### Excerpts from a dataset
******
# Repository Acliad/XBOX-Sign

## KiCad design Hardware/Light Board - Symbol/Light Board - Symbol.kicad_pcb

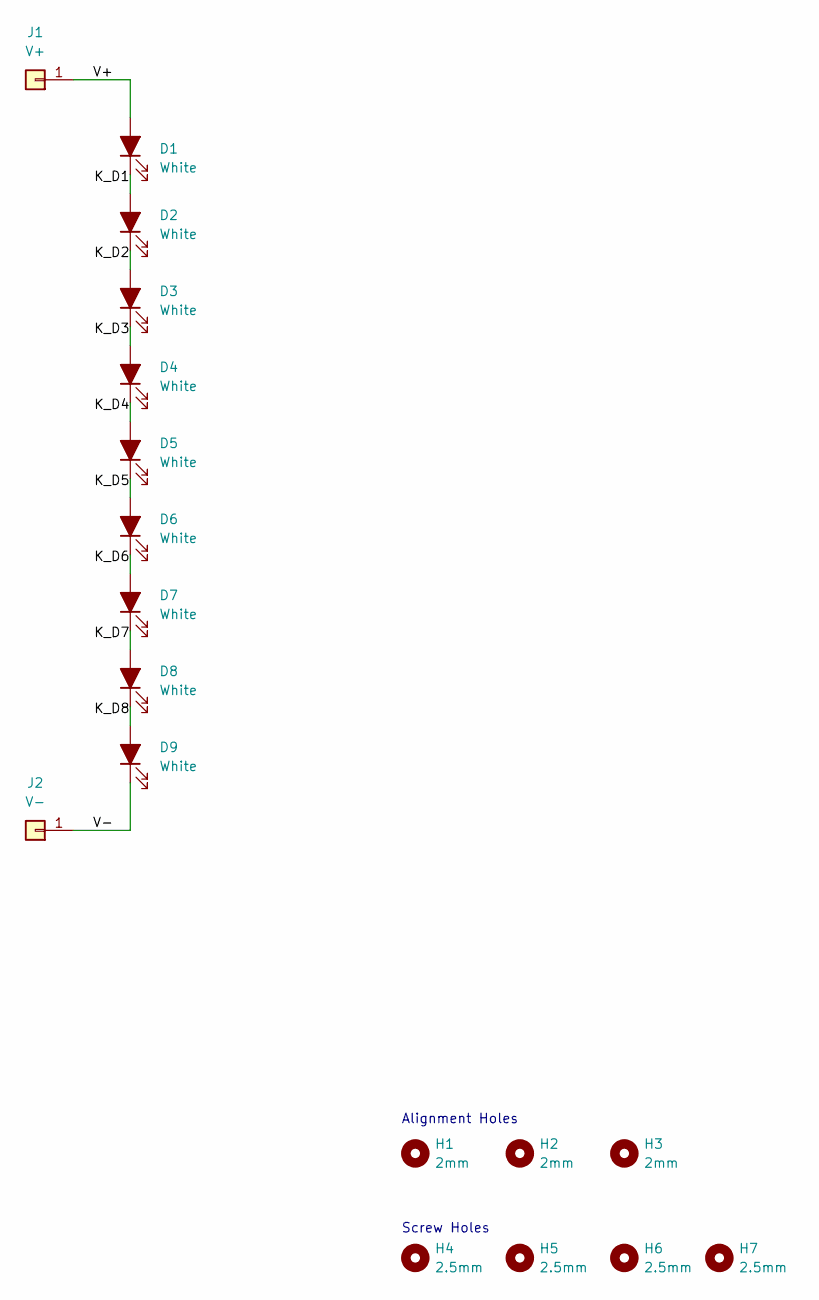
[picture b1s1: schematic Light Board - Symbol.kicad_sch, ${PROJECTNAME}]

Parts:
D1, D2, D3, D4, D5, D6, D7, D8, D9: White; LED_Cree_J-Series_SMD2835_2.8x3.5mm; MPN JB2835AWT-W-H40GA0000-N0000001; DigiKey PN 2138-JB2835AWT-W-H40GA0000-N0000001CT-ND
H1, H2, H3: 2mm; MountingHole_2.0mm_M2_ReducedCourtyard
H4, H5, H6, H7: 2.5mm; MountingHole_2.5mm
J1: V+; TestPoint_Pad_2.0x2.0mm
J2: V-; TestPoint_Pad_2.0x2.0mm

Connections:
/K_D1: D1.1 (K), D2.2 (A)
/K_D2: D2.1 (K), D3.2 (A)
/K_D3: D3.1 (K), D4.2 (A)
/K_D4: D4.1 (K), D5.2 (A)
/K_D5: D5.1 (K), D6.2 (A)
/K_D6: D6.1 (K), D7.2 (A)
/K_D7: D7.1 (K), D8.2 (A)
/K_D8: D8.1 (K), D9.2 (A)
/V+: D1.2 (A), J1.1
/V-: D9.1 (K), J2.1

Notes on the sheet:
Alignment Holes
Screw Holes

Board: 2 copper layers, 18 parts (0 on the bottom side), 10 nets, no tracks yet.

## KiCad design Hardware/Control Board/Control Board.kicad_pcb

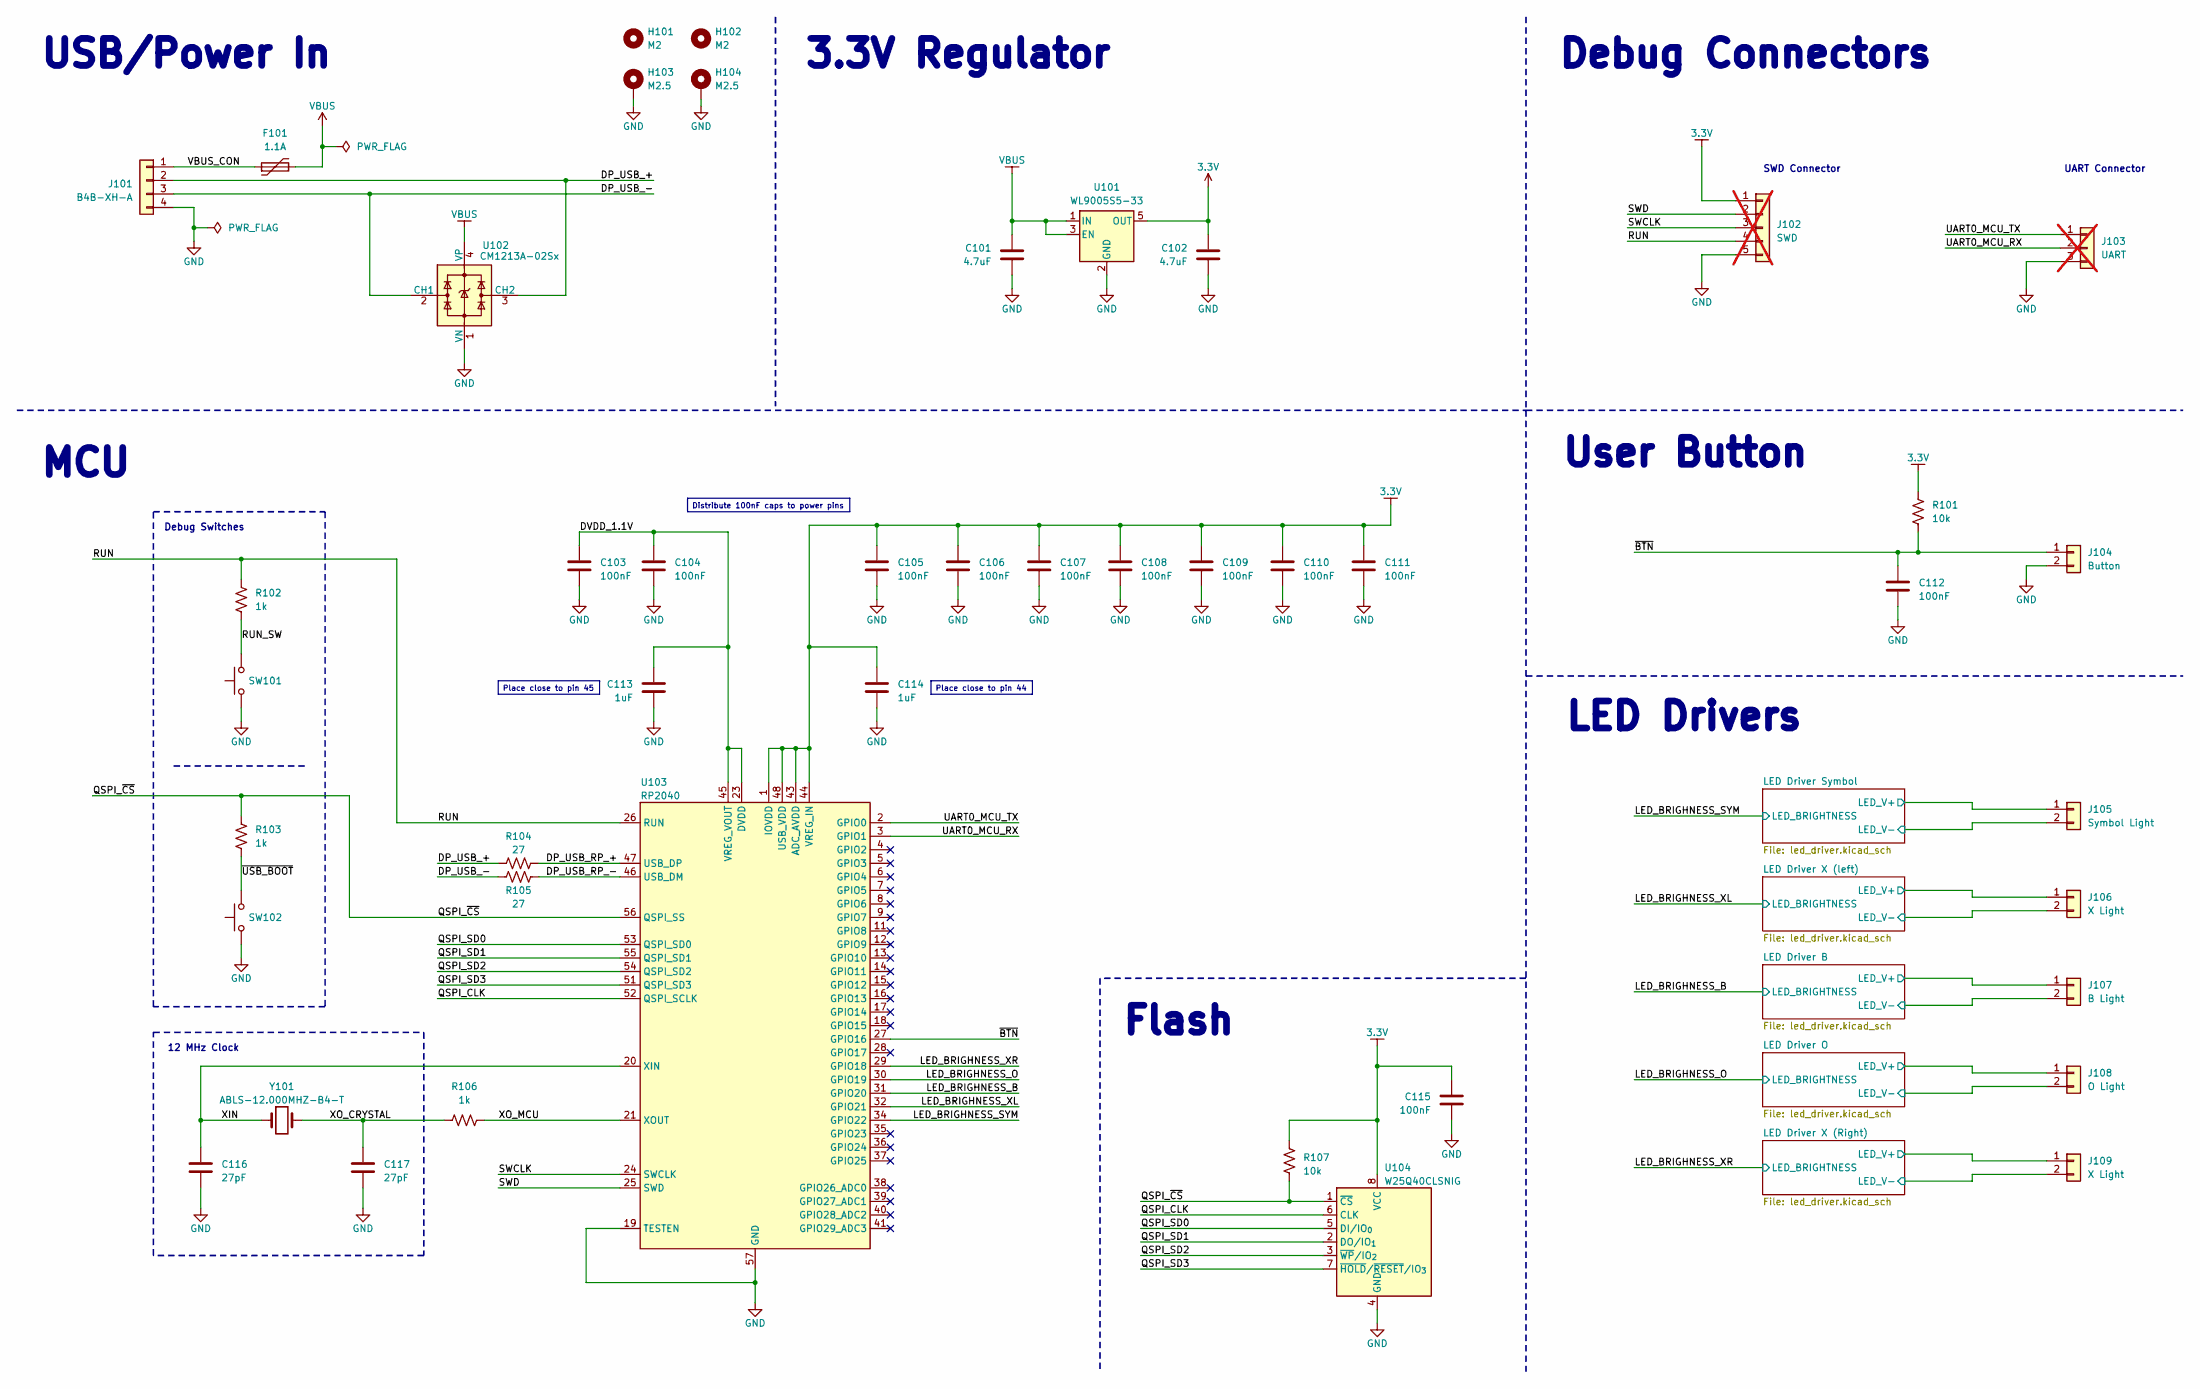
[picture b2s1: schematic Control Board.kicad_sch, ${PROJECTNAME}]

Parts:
C101, C102: 4.7uF; C_0603_1608Metric; MPN CL10A475KP8NNNC; LCSC PN C1705
C103, C104, C105, C106, C107, C108, C109, C110, C111, C112, C115: 100nF; C_0402_1005Metric; MPN CL05B104KO5NNNC; DigiKey PN 1276-1006-1-ND
C113, C114: 1uF; C_0402_1005Metric; MPN CL05A105KA5NQNC; DigiKey PN 1276-6524-1-ND
C116, C117: 27pF; C_0402_1005Metric; MPN CC0402FRNPO9BN270; DigiKey PN 1276-2247-1-ND
F101: 1.1A; Fuse_1206_3216Metric; MPN NANOSMDC050F/13.2-2; LCSC PN C2649911
H101, H102: M2; MountingHole_2.0mm_M2_ReducedCourtyard
H103, H104: M2.5; MountingHole_2.5mm_Pad
J101: B4B-XH-A; JST_XH_B4B-XH-A_1x04_P2.50mm_Vertical; MPN B4B-XH-A; DigiKey PN 455-2237-ND
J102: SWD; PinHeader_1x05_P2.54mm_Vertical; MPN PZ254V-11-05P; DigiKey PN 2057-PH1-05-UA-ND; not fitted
******
### REQUIRED ACTION
Go through the data, and copy each line in which the word "design" appears.

### THE ANSWER
## KiCad design Hardware/Light Board - Symbol/Light Board - Symbol.kicad_pcb
## KiCad design Hardware/Control Board/Control Board.kicad_pcb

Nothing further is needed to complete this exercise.